First the nightmare scenario. If everything goes wrong, this is what could happen: Greece defaults. Sure, most folks expect Greece to pay back some of its debts –  some 50% could be avoided through a bondholder “haircut” if today’s Der Spiegel is to be believed. But while unlikely, the Greek government could abruptly decide to simply choose not to pay back anything. Rumors fly daily through European markets that Greece is on the cusp of a coup and the new right-wing government would do exactly that. Why would this be bad? It could cascade through highly-exposed European banks–not to mention indebted European nations such as Italy, Spain and Portugal–triggering a continent-wide financial crisis. It’s difficult to say how exposed U.S. banks would be to such a crisis, or if the federal government would again bailout its biggest financial institutions, effectively detonating a political nuclear bomb in the middle of the election season and what could be another recession. Game over, Obama.
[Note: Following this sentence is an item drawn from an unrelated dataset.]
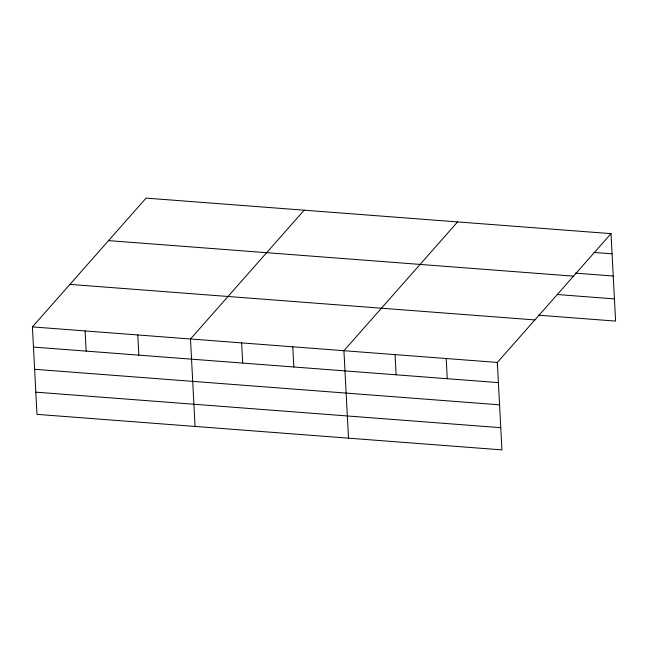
<?xml version="1.0" encoding="UTF-8"?>
<svg xmlns="http://www.w3.org/2000/svg" width="648" height="648" viewBox="0 0 648 648"><rect width="100%" height="100%" fill="white"/><g stroke="black" fill="none" stroke-linecap="round" stroke-linejoin="round"><path stroke-width="0.97" d="M611.015 233.644L497.356 362.435L501.933 449.89L36.985 414.356L32.4 326.908L146.067 198.11L611.015 233.644L615.6 321.092L538.383 315.195M304.147 210.187L190.488 338.985L195.064 426.441M457.585 221.916L343.918 350.714L348.502 438.161M594.022 252.445L612.077 253.822M575.132 273.116L613.235 276.024M108.556 240.611L573.504 276.145M557.272 294.524L614.434 298.898M69.911 284.399L534.859 319.934M32.4 326.908L497.356 362.435M33.461 347.085L498.409 382.62M34.619 369.287L499.576 404.822M35.818 392.161L500.774 427.688M446.205 358.53L447.266 378.716M395.061 354.618L396.122 374.803M292.774 346.802L293.828 366.987M241.631 342.897L242.684 363.074M137.789 334.959L138.85 355.144M85.099 330.934L86.152 351.119"/></g></svg>

This is just the worst-case scenario though. The breadth of the crisis will largely depend on how much confidence German Chancellor Angela Merkel and French President Nicholas Sarkozy can inspire before Greece runs out of money in mid-November. Markets tanked this summer when Germany didn’t put enough money into the European Financial Stability Fund – only $600 billion, not nearly enough to plug Greece’s gaping debt hole. That said, markets were buoyed today when Merkel and Sarkozy pledged to recapitalize European banks, though they provided few specifics on how they actually plan to achieve this and action from Europe’s 20 unwieldy parliaments often makes molasses rolling uphill in June look fast.

Analysts say the next month will be pivotal in reassuring global doubts that Europe can handle its debt, but even if confidence is reestablished, there aren’t many scenarios in which Europe – and the world economy – makes it through the next year unscathed. So, in pretty much every scenario, Obama’s reelection chances will be weakened by the Eurozone crisis. “They’ve got to act fast,” Obama said of European leaders last week. His job, among millions of others, likely hangs in the balance.